There's a new tube map out.
But it's only on the TfL website, you can't pick it up in stations.
It's not the map shown on the Maps page on the TfL website, because that's the old one from December. But if you click on the link to Standard Tube Map - PDF you get a new map, dated March, which is new.
There's a new tube map because some stations have reopened. The London Overground reopened in February between Gospel Oak and Barking, after having been closed for several months, and is now shown as open again. Also Lambeth North station reopened in February, after having been closed since July, and is now shown as open again. This is important stuff for passengers to know.

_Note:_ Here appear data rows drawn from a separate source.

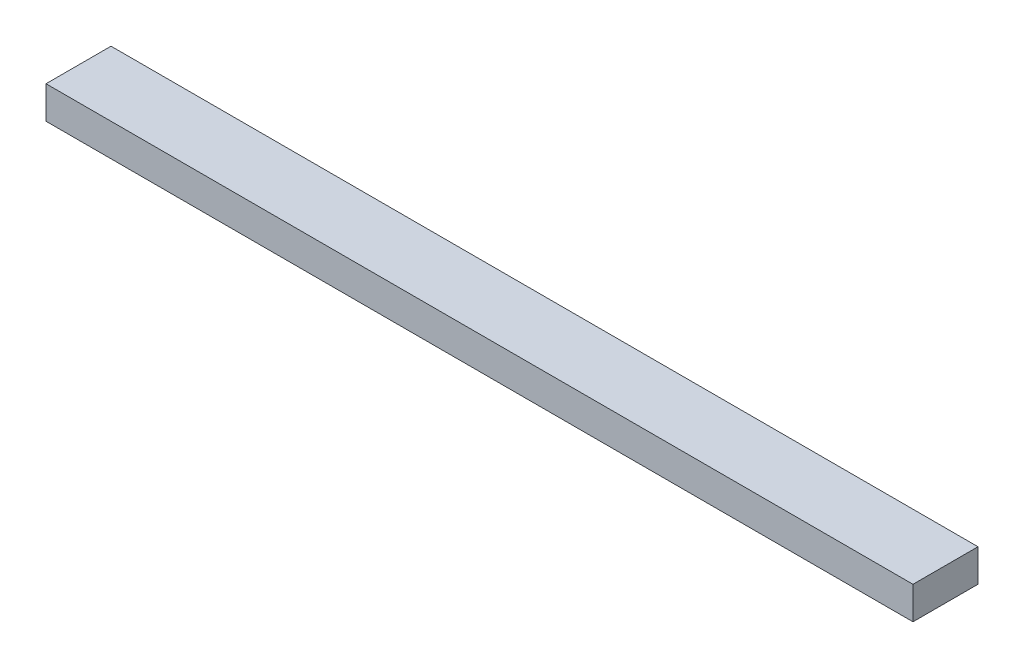
SolidWorks part; units mm, degrees
ref_plane "Front Plane" through (0, 0, 0) normal (0, 0, 1) x (1, 0, 0)
ref_plane "Top Plane" through (0, 0, 0) normal (0, 1, 0) x (1, 0, 0)
ref_plane "Right Plane" through (0, 0, 0) normal (1, 0, 0) x (0, 0, -1)
sketch "Sketch1" plane through (0, 0, 0) normal (0, 1, 0) x (1, 0, 0)
  line L1 (80, 6) -> (-80, 6)
  line L2 (80, 6) -> (80, -6)
  line L3 (80, -6) -> (-80, -6)
  line L4 (-80, 6) -> (-80, -6)
  line L5 (80, 6) -> (-80, -6) construction
  line L6 (80, -6) -> (-80, 6) construction
  point P0 (0, 0)
  dimension "D1" = 160
  dimension "D2" = 12
extrude "Boss-Extrude1" add sketch "Sketch1" along normal blind 6
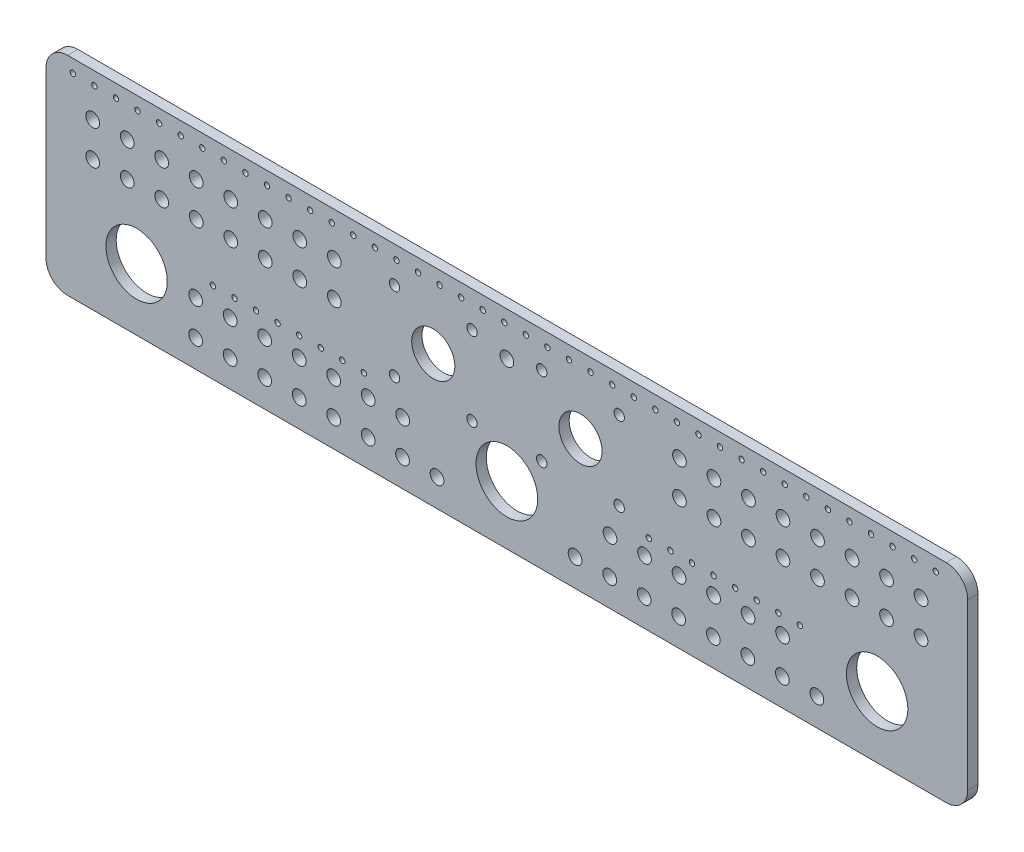
SolidWorks part; units mm, degrees
ref_plane "Front" through (0, 0, 0) normal (0, 0, 1) x (1, 0, 0)
ref_plane "Top" through (0, 0, 0) normal (0, 1, 0) x (1, 0, 0)
ref_plane "Right" through (0, 0, 0) normal (1, 0, 0) x (0, 0, -1)
sketch "Sketch1" plane through (0, 0, 0) normal (0, 0, 1) x (1, 0, 0)
  line L0 (-426.3498, 80.4904) -> (-19.0698, 80.4904)
  line L2 (-436.3498, 70.4904) -> (-436.3498, -5.9096)
  line L4 (-9.0698, 70.4904) -> (-9.0698, -5.9096)
  line L5 (-19.0698, -15.9096) -> (-426.3498, -15.9096)
  circle A0 centre (-394.3498, 12.7904) radius 14.225
  circle A1 centre (-51.0698, 12.7904) radius 14.225
  circle A11 centre (-222.7098, 11.2904) radius 14.3
  circle A54 centre (-174.8998, 13.3845) radius 3.18
  circle A151 centre (-366.9908, 12.7904) radius 3.18
  circle A155 centre (-358.9957, 21.7191) radius 1.25
  circle A159 centre (-94.8998, 13.3845) radius 3.18
  circle A181 centre (-366.9908, -3.2096) radius 3.18
  circle A190 centre (-94.9957, -3.2096) radius 3.18
  circle A191 centre (-110.9957, -3.2096) radius 3.18
  circle A192 centre (-126.9957, -3.2096) radius 3.18
  circle A193 centre (-78.9957, -3.2096) radius 3.18
  circle A194 centre (-143.0916, -3.2096) radius 3.18
  circle A195 centre (-159.0916, -3.2096) radius 3.18
  circle A196 centre (-174.9957, -3.2096) radius 3.18
  circle A279 centre (-96.8998, 21.3845) radius 1.25
  circle A285 centre (-106.8998, 21.3845) radius 1.25
  circle A286 centre (-350.9908, 12.7904) radius 3.18
  circle A287 centre (-350.9908, -3.2096) radius 3.18
  circle A288 centre (-334.9908, 12.7904) radius 3.18
  circle A289 centre (-334.9908, -3.2096) radius 3.18
  circle A290 centre (-318.9908, 12.7904) radius 3.18
  circle A291 centre (-318.9908, -3.2096) radius 3.18
  circle A292 centre (-302.9908, 12.7904) radius 3.18
  circle A293 centre (-302.9908, -3.2096) radius 3.18
  circle A294 centre (-286.9908, 12.7904) radius 3.18
  circle A295 centre (-286.9908, -3.2096) radius 3.18
  circle A296 centre (-158.8998, 13.3845) radius 3.18
  circle A297 centre (-142.8998, 13.3845) radius 3.18
  circle A298 centre (-126.8998, 13.3845) radius 3.18
  circle A299 centre (-110.8998, 13.3845) radius 3.18
  circle A309 centre (-86.8998, 21.3845) radius 1.25
  circle A314 centre (-270.9908, 12.7904) radius 3.18
  circle A328 centre (-348.9957, 21.7191) radius 1.25
  circle A361 centre (-116.8998, 21.3845) radius 1.25
  circle A362 centre (-338.9957, 21.7191) radius 1.25
  circle A363 centre (-328.9957, 21.7191) radius 1.25
  circle A364 centre (-318.9957, 21.7191) radius 1.25
  circle A365 centre (-308.9957, 21.7191) radius 1.25
  circle A366 centre (-298.9957, 21.7191) radius 1.25
  circle A367 centre (-288.9957, 21.7191) radius 1.25
  circle A378 centre (-126.8998, 21.3845) radius 1.25
  circle A379 centre (-136.8998, 21.3845) radius 1.25
  circle A380 centre (-146.8998, 21.3845) radius 1.25
  circle A381 centre (-156.8998, 21.3845) radius 1.25
  circle A402 centre (-213.9098, 74.4904) radius 1.25
  circle A441 centre (-30.7098, 60.4904) radius 3.18
  circle A447 centre (-414.7098, 60.4904) radius 3.18
  circle A448 centre (-203.9098, 74.4904) radius 1.25
  circle A449 centre (-193.9098, 74.4904) radius 1.25
  circle A450 centre (-183.9098, 74.4904) radius 1.25
  circle A451 centre (-173.9098, 74.4904) radius 1.25
  circle A452 centre (-163.9098, 74.4904) radius 1.25
  circle A453 centre (-153.9098, 74.4904) radius 1.25
  circle A454 centre (-143.9098, 74.4904) radius 1.25
  circle A455 centre (-133.9098, 74.4904) radius 1.25
  circle A456 centre (-123.9098, 74.4904) radius 1.25
  circle A457 centre (-113.9098, 74.4904) radius 1.25
  circle A458 centre (-103.9098, 74.4904) radius 1.25
  circle A459 centre (-93.9098, 74.4904) radius 1.25
  circle A460 centre (-83.9098, 74.4904) radius 1.25
  circle A461 centre (-73.9098, 74.4904) radius 1.25
  circle A462 centre (-63.9098, 74.4904) radius 1.25
  circle A463 centre (-53.9098, 74.4904) radius 1.25
  circle A464 centre (-43.9098, 74.4904) radius 1.25
  circle A465 centre (-33.9098, 74.4904) radius 1.25
  circle A466 centre (-23.9098, 74.4904) radius 1.25
  circle A469 centre (-223.9098, 74.4904) radius 1.25
  circle A470 centre (-233.9098, 74.4904) radius 1.25
  circle A471 centre (-243.9098, 74.4904) radius 1.25
  circle A472 centre (-253.9098, 74.4904) radius 1.25
  circle A473 centre (-263.9098, 74.4904) radius 1.25
  circle A474 centre (-273.9098, 74.4904) radius 1.25
  circle A475 centre (-283.9098, 74.4904) radius 1.25
  circle A476 centre (-293.9098, 74.4904) radius 1.25
  circle A477 centre (-303.9098, 74.4904) radius 1.25
  circle A478 centre (-313.9098, 74.4904) radius 1.25
  circle A479 centre (-323.9098, 74.4904) radius 1.25
  circle A480 centre (-333.9098, 74.4904) radius 1.25
  circle A481 centre (-343.9098, 74.4904) radius 1.25
  circle A482 centre (-353.9098, 74.4904) radius 1.25
  circle A483 centre (-363.9098, 74.4904) radius 1.25
  circle A484 centre (-373.9098, 74.4904) radius 1.25
  circle A485 centre (-383.9098, 74.4904) radius 1.25
  circle A486 centre (-393.9098, 74.4904) radius 1.25
  circle A487 centre (-403.9098, 74.4904) radius 1.25
  circle A488 centre (-413.9098, 74.4904) radius 1.25
  circle A520 centre (-191.0916, -3.2096) radius 3.18
  circle A524 centre (-255.0916, -3.2096) radius 3.18
  circle A525 centre (-223.0916, -3.2096) radius 3.18 [skipped]
  arc A538 (-426.3498, -15.9096) -> (-436.3498, -5.9096) centre (-426.3498, -5.9096) cw
  arc A539 (-426.3498, 80.4904) -> (-436.3498, 70.4904) centre (-426.3498, 70.4904) ccw
  arc A540 (-9.0698, 70.4904) -> (-19.0698, 80.4904) centre (-19.0698, 70.4904) ccw
  arc A541 (-9.0698, -5.9096) -> (-19.0698, -15.9096) centre (-19.0698, -5.9096) cw
  circle A552 centre (-423.9098, 74.4904) radius 1.25
  circle A554 centre (-222.7098, 60.4904) radius 3.18
  circle A555 centre (-271.0916, -3.2096) radius 3.18
  circle A570 centre (-256.8298, 45.4104) radius 10
  circle A583 centre (-274.7903, 27.4499) radius 2.413
  circle A584 centre (-238.8693, 27.4499) radius 2.413
  circle A585 centre (-274.7903, 63.965) radius 2.413
  circle A586 centre (-238.8693, 63.965) radius 2.413
  circle A592 centre (-188.5898, 45.4104) radius 10
  circle A593 centre (-206.5503, 63.965) radius 2.413
  circle A594 centre (-170.6293, 63.965) radius 2.413
  circle A595 centre (-170.6293, 27.4499) radius 2.413
  circle A596 centre (-206.5503, 27.4499) radius 2.413
  circle A597 centre (-278.9957, 21.7191) radius 1.25 [skipped]
  circle A598 centre (-166.8998, 21.3845) radius 1.25 [skipped]
  circle A599 centre (-238.9957, -3.2096) radius 3.18 [skipped]
  circle A600 centre (-206.9957, -3.2096) radius 3.18 [skipped]
  circle A601 centre (-86.8998, 1.3845) radius 1.25 [skipped]
  circle A602 centre (-96.8998, 1.3845) radius 1.25 [skipped]
  circle A603 centre (-116.8998, 1.3845) radius 1.25 [skipped]
  circle A604 centre (-106.8998, 1.3845) radius 1.25 [skipped]
  circle A605 centre (-126.8998, 1.3845) radius 1.25 [skipped]
  circle A606 centre (-136.8998, 1.3845) radius 1.25 [skipped]
  circle A607 centre (-146.8998, 1.3845) radius 1.25 [skipped]
  circle A608 centre (-156.8998, 1.3845) radius 1.25 [skipped]
  circle A609 centre (-166.8998, 1.3845) radius 1.25 [skipped]
  circle A610 centre (-278.9957, 1.7191) radius 1.25 [skipped]
  circle A611 centre (-288.9957, 1.7191) radius 1.25 [skipped]
  circle A612 centre (-298.9957, 1.7191) radius 1.25 [skipped]
  circle A613 centre (-308.9957, 1.7191) radius 1.25 [skipped]
  circle A614 centre (-318.9957, 1.7191) radius 1.25 [skipped]
  circle A615 centre (-328.9957, 1.7191) radius 1.25 [skipped]
  circle A616 centre (-338.9957, 1.7191) radius 1.25 [skipped]
  circle A617 centre (-348.9957, 1.7191) radius 1.25 [skipped]
  circle A618 centre (-358.9957, 1.7191) radius 1.25 [skipped]
  circle A627 centre (-398.7098, 60.4904) radius 3.18
  circle A628 centre (-382.7098, 60.4904) radius 3.18
  circle A629 centre (-366.7098, 60.4904) radius 3.18
  circle A630 centre (-350.7098, 60.4904) radius 3.18
  circle A631 centre (-334.7098, 60.4904) radius 3.18
  circle A632 centre (-318.7098, 60.4904) radius 3.18
  circle A633 centre (-302.7098, 60.4904) radius 3.18
  circle A634 centre (-398.7098, 44.4904) radius 3.18
  circle A635 centre (-382.7098, 44.4904) radius 3.18
  circle A636 centre (-366.7098, 44.4904) radius 3.18
  circle A637 centre (-350.7098, 44.4904) radius 3.18
  circle A638 centre (-334.7098, 44.4904) radius 3.18
  circle A639 centre (-318.7098, 44.4904) radius 3.18
  circle A640 centre (-302.7098, 44.4904) radius 3.18
  circle A641 centre (-414.7098, 44.4904) radius 3.18
  circle A645 centre (-46.7098, 60.4904) radius 3.18
  circle A646 centre (-62.7098, 60.4904) radius 3.18
  circle A647 centre (-78.7098, 60.4904) radius 3.18
  circle A648 centre (-94.7098, 60.4904) radius 3.18
  circle A649 centre (-110.7098, 60.4904) radius 3.18
  circle A650 centre (-126.7098, 60.4904) radius 3.18
  circle A651 centre (-142.7098, 60.4904) radius 3.18
  circle A652 centre (-46.7098, 44.4904) radius 3.18
  circle A653 centre (-62.7098, 44.4904) radius 3.18
  circle A654 centre (-78.7098, 44.4904) radius 3.18
  circle A655 centre (-94.7098, 44.4904) radius 3.18
  circle A656 centre (-110.7098, 44.4904) radius 3.18
  circle A657 centre (-126.7098, 44.4904) radius 3.18
  circle A658 centre (-142.7098, 44.4904) radius 3.18
  circle A659 centre (-30.7098, 44.4904) radius 3.18
  circle A664 centre (-3.9098, 74.4904) radius 1.25 [skipped]
  circle A667 centre (-423.9098, 74.4904) radius 1.25 [skipped]
  circle A668 centre (-13.9098, 74.4904) radius 1.25 [skipped]
  arc A669 (-270.9932, -6.3896) -> (-270.9932, -0.0296) centre (-270.9908, -3.2096) ccw [skipped]
  arc A670 (-270.9932, -6.3896) -> (-270.9932, -0.0296) centre (-270.9957, -3.2096) ccw [skipped]
  point P45 (-0.2698, -21.5096)
  point P52 (-0.2698, 90.4904)
  dimension "D2" = 42
  dimension "D4" = 42
  dimension "D6" = 222.44
  dimension "D8" = 12.7
  dimension "D12" = 171.64
  dimension "D13" = 22
  dimension "D14" = 10
  dimension "D15" = 10
  dimension "D16" = 2
  dimension "D17" = 10
  dimension "D21" = 2
  dimension "D23" = 8
  dimension "D27" = 2
  dimension "D28" = 20
  dimension "D29" = 14
  dimension "D30" = 2
  dimension "D24" = 2
  dimension "D10" = 34.12
  dimension "D18" = 4
  dimension "D25" = 171.64
  dimension "D35" = 2
  dimension "D36" = 17.9605
  dimension "D26" = 10
  dimension "D1" = 112
  dimension "D5" = 16
  dimension "D7" = 6
  dimension "D9" = 5
  dimension "D11" = 22
  dimension "D19" = 8
  dimension "D20" = 9
  dimension "D22" = 2
  dimension "D34" = 34.12
  dimension "D37" = 17.9605
  dimension "D38" = 17.9605
extrude "Boss-Extrude5" add sketch "Sketch1" along normal blind 4.7625
move or copy body "Body-Move/Copy1" [suppressed]

There's also a new tube map because of changes to step-free access. Tottenham Court Road gained full step-free access in February, and is now shown on the map with a white wheelchair blob rather than an empty circle. This means there are now two stations inside the the loop of the Circle line which have step-free access, the other being Green Park, and this is damned excellent news.
Another significant change to step-free access is connected to the withdrawal of the old D-Stock trains from the District line. After the very last D-Stock runs in passenger service on Friday (which you can read more about here and also here), every train on the District line will be properly accessible. A consequence of this is that nine stations which used to have white blobs (step-free from street to platform) have been upgraded to blue blobs (step-free from street to train). The newly blue-blobbed stations are Southfields, Earl's Court, Blackfriars, West Ham, East Ham, Barking, Dagenham Heathway and Elm Park and Upminster. Not all the white blobs have become blue blobs, however, so for example Westminster and Upney haven't changed, and Tower Hill has gone backwards from blue to white, which is strange.
Basically it's all good news. But if you pick up a tube map in a tube station you won't be seeing any of this good news for a while, because TfL only reprint the tube map twice a year, and we're a couple of months off the next one yet. Instead the secret information about reopened stations and step-free access hides on a pdf on the TfL website, which is a heck of a lot cheaper to update, and a lot less obvious to spot.